Falling stock prices and slowing growth have the biggest tech companies – and investors – thinking about what it takes to turn their fortunes around. Finding new, lucrative sources of growth is the preferred way out, but it’s hard to find opportunities big enough to move the needle when your revenues are already in the tens or hundreds of billions of dollars a year.

That makes cutting costs the most obvious way to increase profits, an inconvenient option for an industry that hasn’t had a major belt-tightening phase in 20 years. After investors expressed dismay at technology companies’ lack of cost containment in the third quarter, management teams seem to have changed their minds. In the past two weeks, both Facebook parent company Meta Platforms Inc. as Amazon Inc. began laying off staff, with plans to cut about 10,000 jobs each in different departments. Earlier this week, a major investor in Alphabet Inc. that company also push for meaningful cost savings there. (Elon Musk cut about half the workforce at Twitter Inc. after his acquisition, but that’s another story.)

Investors are particularly irked by what might be termed the “science projects” that many big tech companies are pursuing, draining billions in capital without contributing much to revenue. Examples include Amazon’s spending on side projects like Alexa, which is believed to account for more than $5 billion in annual losses, and Alphabet’s investments in its self-driving vehicle unit, which has racked up $20 billion in losses to date. . At Meta, Mark Zuckerberg staked the future of the entire company on the development of new virtual and augmented reality products, changing the company’s name to distract its identity from its core social media business. Meta’s Reality Labs unit has lost nearly $10 billion so far in 2022. Zuckerberg apologized for ramping up investment too quickly when he announced the job cuts. higher valuations, these moonshot type investments made more sense. Investors valued technology companies more for growth than for profitability. At one point, Alphabet’s self-driving division was seen as worth $175 billion, suggesting that these large-scale non-core divisions incubated within the larger companies could pay off. Profit margins in core businesses were generally stable or expanding at a time of strong revenue growth, indicating almost unlimited resources to pursue ideas that could one day become as big and profitable as Google Search, YouTube, Facebook , Instagram or Amazon Web Services.
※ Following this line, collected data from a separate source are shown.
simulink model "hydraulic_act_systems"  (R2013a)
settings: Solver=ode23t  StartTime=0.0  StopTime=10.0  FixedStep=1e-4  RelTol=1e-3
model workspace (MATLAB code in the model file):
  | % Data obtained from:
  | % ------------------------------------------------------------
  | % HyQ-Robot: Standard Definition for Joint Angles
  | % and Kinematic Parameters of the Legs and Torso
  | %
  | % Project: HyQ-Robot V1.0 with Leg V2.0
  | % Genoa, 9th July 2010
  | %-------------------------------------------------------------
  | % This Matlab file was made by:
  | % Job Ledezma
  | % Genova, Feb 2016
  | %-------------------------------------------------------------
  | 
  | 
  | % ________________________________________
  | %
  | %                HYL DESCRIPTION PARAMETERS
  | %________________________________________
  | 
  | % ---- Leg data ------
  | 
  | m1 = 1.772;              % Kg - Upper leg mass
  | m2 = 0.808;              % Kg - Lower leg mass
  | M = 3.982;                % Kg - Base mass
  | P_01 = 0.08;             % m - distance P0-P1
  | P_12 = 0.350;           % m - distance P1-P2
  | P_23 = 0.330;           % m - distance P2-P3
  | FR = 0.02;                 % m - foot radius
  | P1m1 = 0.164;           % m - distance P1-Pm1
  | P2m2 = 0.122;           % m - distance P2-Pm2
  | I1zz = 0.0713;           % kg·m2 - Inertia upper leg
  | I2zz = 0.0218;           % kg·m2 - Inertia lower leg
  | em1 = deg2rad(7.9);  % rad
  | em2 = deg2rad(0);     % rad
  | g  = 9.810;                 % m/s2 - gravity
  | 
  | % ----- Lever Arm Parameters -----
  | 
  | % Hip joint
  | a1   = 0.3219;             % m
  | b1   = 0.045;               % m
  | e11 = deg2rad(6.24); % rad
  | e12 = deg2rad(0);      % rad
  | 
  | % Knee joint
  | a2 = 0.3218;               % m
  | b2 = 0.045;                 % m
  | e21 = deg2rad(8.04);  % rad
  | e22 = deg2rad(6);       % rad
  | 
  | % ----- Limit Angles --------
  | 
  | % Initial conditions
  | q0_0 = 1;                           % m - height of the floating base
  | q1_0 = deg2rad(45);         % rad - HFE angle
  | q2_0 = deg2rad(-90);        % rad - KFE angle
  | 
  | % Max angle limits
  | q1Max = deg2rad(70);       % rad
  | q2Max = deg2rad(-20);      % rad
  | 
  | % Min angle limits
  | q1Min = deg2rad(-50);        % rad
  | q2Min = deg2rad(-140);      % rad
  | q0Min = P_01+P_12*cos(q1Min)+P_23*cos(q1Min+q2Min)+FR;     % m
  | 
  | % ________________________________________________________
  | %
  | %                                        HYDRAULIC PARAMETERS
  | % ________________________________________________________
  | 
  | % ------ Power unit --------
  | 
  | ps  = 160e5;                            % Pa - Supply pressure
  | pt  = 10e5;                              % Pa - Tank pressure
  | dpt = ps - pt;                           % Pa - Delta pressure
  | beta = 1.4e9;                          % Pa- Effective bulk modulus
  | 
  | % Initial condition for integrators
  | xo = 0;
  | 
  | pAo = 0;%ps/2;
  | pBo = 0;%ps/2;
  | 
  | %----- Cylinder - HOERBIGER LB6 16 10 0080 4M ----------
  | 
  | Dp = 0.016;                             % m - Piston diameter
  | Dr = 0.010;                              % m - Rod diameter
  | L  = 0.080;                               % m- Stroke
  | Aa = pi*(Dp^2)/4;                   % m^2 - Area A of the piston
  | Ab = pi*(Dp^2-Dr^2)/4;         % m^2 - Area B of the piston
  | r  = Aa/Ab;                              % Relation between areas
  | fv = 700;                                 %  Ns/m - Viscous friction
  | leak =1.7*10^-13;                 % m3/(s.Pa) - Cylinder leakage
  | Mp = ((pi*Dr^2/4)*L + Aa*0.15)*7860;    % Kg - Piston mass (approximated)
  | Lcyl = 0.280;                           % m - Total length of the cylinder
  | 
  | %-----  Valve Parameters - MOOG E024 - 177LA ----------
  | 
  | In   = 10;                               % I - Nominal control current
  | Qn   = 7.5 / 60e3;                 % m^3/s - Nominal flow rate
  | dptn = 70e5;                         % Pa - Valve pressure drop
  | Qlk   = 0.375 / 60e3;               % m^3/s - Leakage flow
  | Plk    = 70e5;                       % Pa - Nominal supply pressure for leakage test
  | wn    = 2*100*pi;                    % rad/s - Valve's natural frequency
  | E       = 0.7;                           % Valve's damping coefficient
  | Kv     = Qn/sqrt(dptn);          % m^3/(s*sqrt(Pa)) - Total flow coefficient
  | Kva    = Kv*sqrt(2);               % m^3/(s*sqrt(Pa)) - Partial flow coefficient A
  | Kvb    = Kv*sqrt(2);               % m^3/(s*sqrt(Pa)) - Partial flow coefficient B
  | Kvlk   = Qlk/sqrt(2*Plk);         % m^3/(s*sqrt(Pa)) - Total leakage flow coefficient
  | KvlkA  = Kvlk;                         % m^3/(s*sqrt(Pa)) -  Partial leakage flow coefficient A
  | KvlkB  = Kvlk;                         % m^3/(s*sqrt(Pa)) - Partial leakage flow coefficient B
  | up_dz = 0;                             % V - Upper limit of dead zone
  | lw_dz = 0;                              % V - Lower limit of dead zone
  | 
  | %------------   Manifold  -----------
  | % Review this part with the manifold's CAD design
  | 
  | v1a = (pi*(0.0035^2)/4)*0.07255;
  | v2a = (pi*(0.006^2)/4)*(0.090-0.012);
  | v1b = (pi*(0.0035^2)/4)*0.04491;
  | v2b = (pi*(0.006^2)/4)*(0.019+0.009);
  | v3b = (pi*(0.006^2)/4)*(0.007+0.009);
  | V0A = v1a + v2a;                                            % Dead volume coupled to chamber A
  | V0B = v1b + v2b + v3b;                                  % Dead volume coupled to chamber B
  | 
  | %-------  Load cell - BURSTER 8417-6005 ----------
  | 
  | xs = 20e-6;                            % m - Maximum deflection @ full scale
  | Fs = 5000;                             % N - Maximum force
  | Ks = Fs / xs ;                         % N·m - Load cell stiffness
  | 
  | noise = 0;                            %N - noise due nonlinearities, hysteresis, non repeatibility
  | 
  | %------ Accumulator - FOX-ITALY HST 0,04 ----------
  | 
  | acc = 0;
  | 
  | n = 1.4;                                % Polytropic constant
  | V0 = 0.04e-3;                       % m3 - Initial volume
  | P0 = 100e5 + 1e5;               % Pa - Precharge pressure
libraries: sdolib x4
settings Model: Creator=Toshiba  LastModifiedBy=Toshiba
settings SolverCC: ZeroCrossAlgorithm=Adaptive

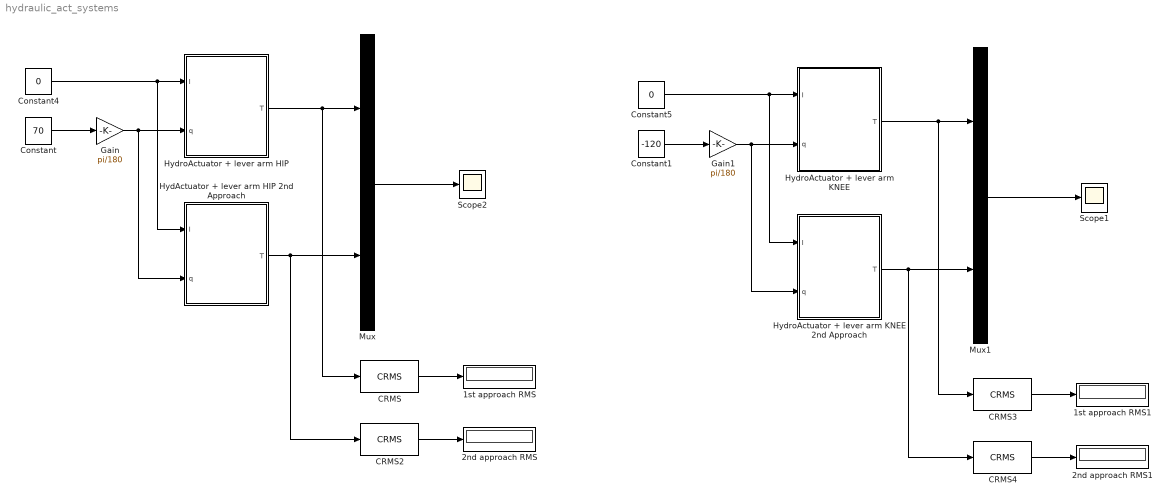
== system hydraulic_act_systems ==
  1st approach RMS : Display
  1st approach RMS1 : Display
  2nd approach RMS : Display
  2nd approach RMS1 : Display
  CRMS{,2..4} (4 alike) : sdolib/RMS Blocks/CRMS
  Constant : Constant  Value=70
  Constant1 : Constant  Value=-120
  Constant4 : Constant  Value=0
  Constant5 : Constant  Value=0
  Gain : Gain  Gain=pi/180
  Gain1 : Gain  Gain=pi/180
  HydActuator + lever arm HIP 2nd Approach : Subsystem
  HydroActuator + lever arm HIP : Subsystem
  HydroActuator + lever arm KNEE : Subsystem
  HydroActuator + lever arm KNEE 2nd Approach : Subsystem
  Mux : Mux  Inputs=2
  Mux1 : Mux  Inputs=2
  Scope1 : Scope
      settings: YMin=-152500  YMax=-117500
  Scope2 : Scope
      settings: YMin=-152500  YMax=-117500  SaveName=ScopeData2
  wires:
  Constant/1 -> Gain/1
  Gain/1 -> HydActuator + lever arm HIP 2nd Approach/2(q), HydroActuator + lever arm HIP/2(q)
  Constant1/1 -> Gain1/1
  Gain1/1 -> HydroActuator + lever arm KNEE 2nd Approach/2(q), HydroActuator + lever arm KNEE/2(q)
  Constant4/1 -> HydActuator + lever arm HIP 2nd Approach/1(I), HydroActuator + lever arm HIP/1(I)
  Constant5/1 -> HydroActuator + lever arm KNEE 2nd Approach/1(I), HydroActuator + lever arm KNEE/1(I)
  HydroActuator + lever arm HIP/1(T) -> CRMS/1, Mux/1
  HydActuator + lever arm HIP 2nd Approach/1(T) -> CRMS2/1, Mux/2
  Mux/1 -> Scope2/1
  HydroActuator + lever arm KNEE/1(T) -> CRMS3/1, Mux1/1
  HydroActuator + lever arm KNEE 2nd Approach/1(T) -> CRMS4/1, Mux1/2
  CRMS/1 -> 1st approach RMS/1
  Mux1/1 -> Scope1/1
  CRMS2/1 -> 2nd approach RMS/1
  CRMS3/1 -> 1st approach RMS1/1
  CRMS4/1 -> 2nd approach RMS1/1

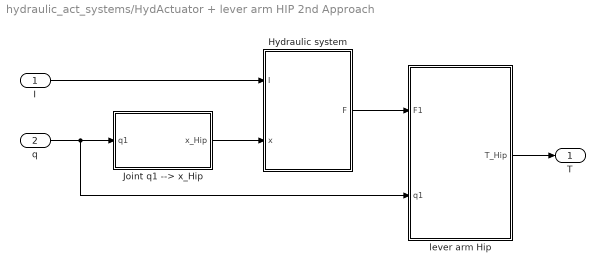
== system hydraulic_act_systems/HydActuator + lever arm HIP 2nd Approach ==
  I : Inport
  q : Inport  Port=2
  Hydraulic system : Subsystem
  "Joint q1 --> x_Hip  " : MATLAB Function  TreatAsAtomicUnit=on
  lever arm Hip : MATLAB Function  TreatAsAtomicUnit=on
  T : Outport
  wires:
  q/1 -> "Joint q1 --> x_Hip  "/1(q1), lever arm Hip/2(q1)
  I/1 -> Hydraulic system/1(I)
  lever arm Hip/1(T_Hip) -> T/1
  Hydraulic system/1(F) -> lever arm Hip/1(F1)
  "Joint q1 --> x_Hip  "/1(x_Hip) -> Hydraulic system/2(x)

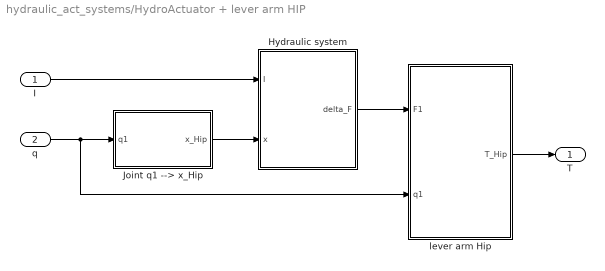
== system hydraulic_act_systems/HydroActuator + lever arm HIP ==
  I : Inport
  q : Inport  Port=2
  Hydraulic system : Subsystem
  "Joint q1 --> x_Hip  " : MATLAB Function  TreatAsAtomicUnit=on
  lever arm Hip : MATLAB Function  TreatAsAtomicUnit=on
  T : Outport
  wires:
  "Joint q1 --> x_Hip  "/1(x_Hip) -> Hydraulic system/2(x)
  Hydraulic system/1(delta_F) -> lever arm Hip/1(F1)
  lever arm Hip/1(T_Hip) -> T/1
  I/1 -> Hydraulic system/1(I)
  q/1 -> lever arm Hip/2(q1), "Joint q1 --> x_Hip  "/1(q1)

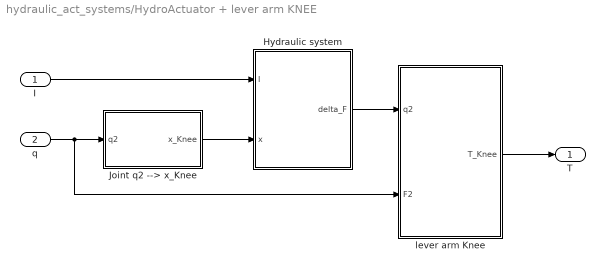
== system hydraulic_act_systems/HydroActuator + lever arm KNEE ==
  I : Inport
  q : Inport  Port=2
  Hydraulic system : Subsystem
  Joint q2 --> x_Knee : MATLAB Function  TreatAsAtomicUnit=on
  lever arm Knee : MATLAB Function  TreatAsAtomicUnit=on
  T : Outport
  wires:
  q/1 -> lever arm Knee/2(F2), Joint q2 --> x_Knee/1(q2)
  Joint q2 --> x_Knee/1(x_Knee) -> Hydraulic system/2(x)
  Hydraulic system/1(delta_F) -> lever arm Knee/1(q2)
  I/1 -> Hydraulic system/1(I)
  lever arm Knee/1(T_Knee) -> T/1

== system hydraulic_act_systems/HydroActuator + lever arm KNEE 2nd Approach ==
  I : Inport
  q : Inport  Port=2
  Hydraulic system : Subsystem
  Joint q2 --> x_Knee : MATLAB Function  TreatAsAtomicUnit=on
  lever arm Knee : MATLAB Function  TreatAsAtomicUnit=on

A few years later and the world has changed. Interest rates are no longer zero. Core markets have matured and in some cases are feeling the effects of slower economic growth. The combination of slowing growth and rising costs has put pressure on profit margins. The investor base these companies now have cares more about profitability and returning cash to shareholders than big bets on the future.

And perhaps most importantly, having collectively spent tens of billions of dollars a year on scientific projects, these companies don’t have much to prove in terms of revenue-generating activities. It is now unclear whether companies that have grown into huge conglomerates are nimble enough to turn nothing into something. That’s perhaps a job best left to startups and more focused smaller companies, with investors more inclined to take that kind of risk.

Even if these companies technically have the means to endlessly spend money on endeavors that may never pay off, that is not very macroeconomically efficient at a time when inflation is high and there is still a high demand for technical employees. Meta and Amazon and Alphabet are essentially hoarding engineers at a time when banks, insurance companies and the government need engineers too.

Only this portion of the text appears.